About this exercise: Say only how many lines in the entries below contain the word "TACTILE".

____________

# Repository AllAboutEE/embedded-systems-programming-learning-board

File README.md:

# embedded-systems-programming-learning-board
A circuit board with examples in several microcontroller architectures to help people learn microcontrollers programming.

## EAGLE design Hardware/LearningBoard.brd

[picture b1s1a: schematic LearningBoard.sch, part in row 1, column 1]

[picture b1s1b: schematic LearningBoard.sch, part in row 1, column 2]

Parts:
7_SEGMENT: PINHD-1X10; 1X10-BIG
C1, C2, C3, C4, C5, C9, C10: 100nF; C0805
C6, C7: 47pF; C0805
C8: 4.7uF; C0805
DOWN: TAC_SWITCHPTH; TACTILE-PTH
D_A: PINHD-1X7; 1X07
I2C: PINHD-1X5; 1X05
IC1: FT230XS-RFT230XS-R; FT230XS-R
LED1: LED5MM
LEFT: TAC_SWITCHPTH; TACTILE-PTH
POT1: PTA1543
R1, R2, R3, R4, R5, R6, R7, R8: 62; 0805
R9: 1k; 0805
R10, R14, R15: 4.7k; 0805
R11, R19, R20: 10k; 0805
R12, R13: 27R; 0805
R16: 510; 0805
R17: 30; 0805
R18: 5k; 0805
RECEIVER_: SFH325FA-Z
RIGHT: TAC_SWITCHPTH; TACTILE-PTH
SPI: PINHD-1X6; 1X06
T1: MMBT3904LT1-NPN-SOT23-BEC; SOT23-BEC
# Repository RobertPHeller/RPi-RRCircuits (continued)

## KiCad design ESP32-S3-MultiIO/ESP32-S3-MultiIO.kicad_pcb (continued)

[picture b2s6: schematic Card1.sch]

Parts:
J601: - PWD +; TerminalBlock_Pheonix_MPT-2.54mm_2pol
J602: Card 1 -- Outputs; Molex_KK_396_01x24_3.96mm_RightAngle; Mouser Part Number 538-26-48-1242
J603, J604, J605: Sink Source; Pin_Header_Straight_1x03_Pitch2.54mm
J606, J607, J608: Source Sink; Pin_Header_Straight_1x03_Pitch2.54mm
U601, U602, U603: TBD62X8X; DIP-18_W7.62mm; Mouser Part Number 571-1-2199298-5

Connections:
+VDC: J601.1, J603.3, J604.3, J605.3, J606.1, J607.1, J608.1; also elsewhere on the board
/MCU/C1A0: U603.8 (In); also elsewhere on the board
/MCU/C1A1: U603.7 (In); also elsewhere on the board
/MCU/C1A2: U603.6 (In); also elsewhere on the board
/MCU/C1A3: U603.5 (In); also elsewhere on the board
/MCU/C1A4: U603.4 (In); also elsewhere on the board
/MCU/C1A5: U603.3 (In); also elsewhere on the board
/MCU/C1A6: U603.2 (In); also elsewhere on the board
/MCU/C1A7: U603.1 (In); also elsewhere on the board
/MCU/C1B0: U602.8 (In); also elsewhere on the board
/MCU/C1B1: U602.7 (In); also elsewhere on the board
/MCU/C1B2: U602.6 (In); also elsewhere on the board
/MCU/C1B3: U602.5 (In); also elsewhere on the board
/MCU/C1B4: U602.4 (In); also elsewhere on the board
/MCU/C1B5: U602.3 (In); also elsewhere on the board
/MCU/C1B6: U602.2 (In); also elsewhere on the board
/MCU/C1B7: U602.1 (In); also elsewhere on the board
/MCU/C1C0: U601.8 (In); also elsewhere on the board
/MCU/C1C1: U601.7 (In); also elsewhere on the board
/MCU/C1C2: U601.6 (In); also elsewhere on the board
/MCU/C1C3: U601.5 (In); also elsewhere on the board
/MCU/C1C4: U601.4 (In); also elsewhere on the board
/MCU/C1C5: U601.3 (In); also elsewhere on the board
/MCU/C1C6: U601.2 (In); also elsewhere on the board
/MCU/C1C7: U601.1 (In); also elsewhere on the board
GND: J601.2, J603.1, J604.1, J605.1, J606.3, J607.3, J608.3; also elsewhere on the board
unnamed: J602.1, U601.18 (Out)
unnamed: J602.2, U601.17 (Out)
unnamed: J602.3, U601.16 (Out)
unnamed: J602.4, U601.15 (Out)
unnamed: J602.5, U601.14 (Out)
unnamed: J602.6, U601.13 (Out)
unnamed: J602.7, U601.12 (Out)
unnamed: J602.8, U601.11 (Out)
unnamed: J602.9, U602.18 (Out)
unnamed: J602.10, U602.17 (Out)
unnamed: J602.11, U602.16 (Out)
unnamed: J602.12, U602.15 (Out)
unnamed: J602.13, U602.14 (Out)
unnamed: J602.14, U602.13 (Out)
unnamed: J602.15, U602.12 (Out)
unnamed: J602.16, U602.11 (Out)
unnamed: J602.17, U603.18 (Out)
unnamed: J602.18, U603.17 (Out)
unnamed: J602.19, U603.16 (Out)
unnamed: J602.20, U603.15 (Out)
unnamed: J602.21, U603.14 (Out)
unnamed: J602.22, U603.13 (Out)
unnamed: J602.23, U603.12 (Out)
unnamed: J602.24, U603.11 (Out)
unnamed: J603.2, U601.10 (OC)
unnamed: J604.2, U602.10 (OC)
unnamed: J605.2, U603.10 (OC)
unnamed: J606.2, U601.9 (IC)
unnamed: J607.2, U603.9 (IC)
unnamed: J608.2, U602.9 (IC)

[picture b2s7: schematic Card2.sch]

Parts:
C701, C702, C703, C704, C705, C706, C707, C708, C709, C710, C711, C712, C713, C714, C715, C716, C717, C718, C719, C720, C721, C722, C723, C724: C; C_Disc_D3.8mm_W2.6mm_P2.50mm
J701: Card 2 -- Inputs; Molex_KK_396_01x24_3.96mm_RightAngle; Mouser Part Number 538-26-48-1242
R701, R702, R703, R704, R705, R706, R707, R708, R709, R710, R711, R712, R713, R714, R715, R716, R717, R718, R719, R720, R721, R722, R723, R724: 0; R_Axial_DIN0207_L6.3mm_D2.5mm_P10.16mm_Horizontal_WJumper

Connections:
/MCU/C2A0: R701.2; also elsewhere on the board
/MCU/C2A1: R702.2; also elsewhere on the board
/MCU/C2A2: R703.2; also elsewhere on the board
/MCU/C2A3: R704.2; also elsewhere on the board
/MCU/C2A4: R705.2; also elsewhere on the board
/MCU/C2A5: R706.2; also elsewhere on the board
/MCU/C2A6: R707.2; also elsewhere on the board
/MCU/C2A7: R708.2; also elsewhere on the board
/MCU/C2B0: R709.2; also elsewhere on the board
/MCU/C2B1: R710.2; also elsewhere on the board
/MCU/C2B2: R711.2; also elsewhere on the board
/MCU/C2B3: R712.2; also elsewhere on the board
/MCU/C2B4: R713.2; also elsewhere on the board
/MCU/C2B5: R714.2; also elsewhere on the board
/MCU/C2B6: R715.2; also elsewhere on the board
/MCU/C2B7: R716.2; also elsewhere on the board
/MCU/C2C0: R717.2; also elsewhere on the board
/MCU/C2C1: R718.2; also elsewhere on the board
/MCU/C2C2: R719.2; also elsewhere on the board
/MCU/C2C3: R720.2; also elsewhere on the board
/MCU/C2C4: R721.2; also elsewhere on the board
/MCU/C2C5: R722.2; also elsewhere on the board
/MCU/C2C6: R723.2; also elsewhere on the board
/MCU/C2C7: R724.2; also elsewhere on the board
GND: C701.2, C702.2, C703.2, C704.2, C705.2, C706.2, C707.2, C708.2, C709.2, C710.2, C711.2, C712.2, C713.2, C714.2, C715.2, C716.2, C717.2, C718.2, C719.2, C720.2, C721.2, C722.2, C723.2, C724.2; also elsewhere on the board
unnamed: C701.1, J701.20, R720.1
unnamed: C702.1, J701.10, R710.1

____________

Reply: 3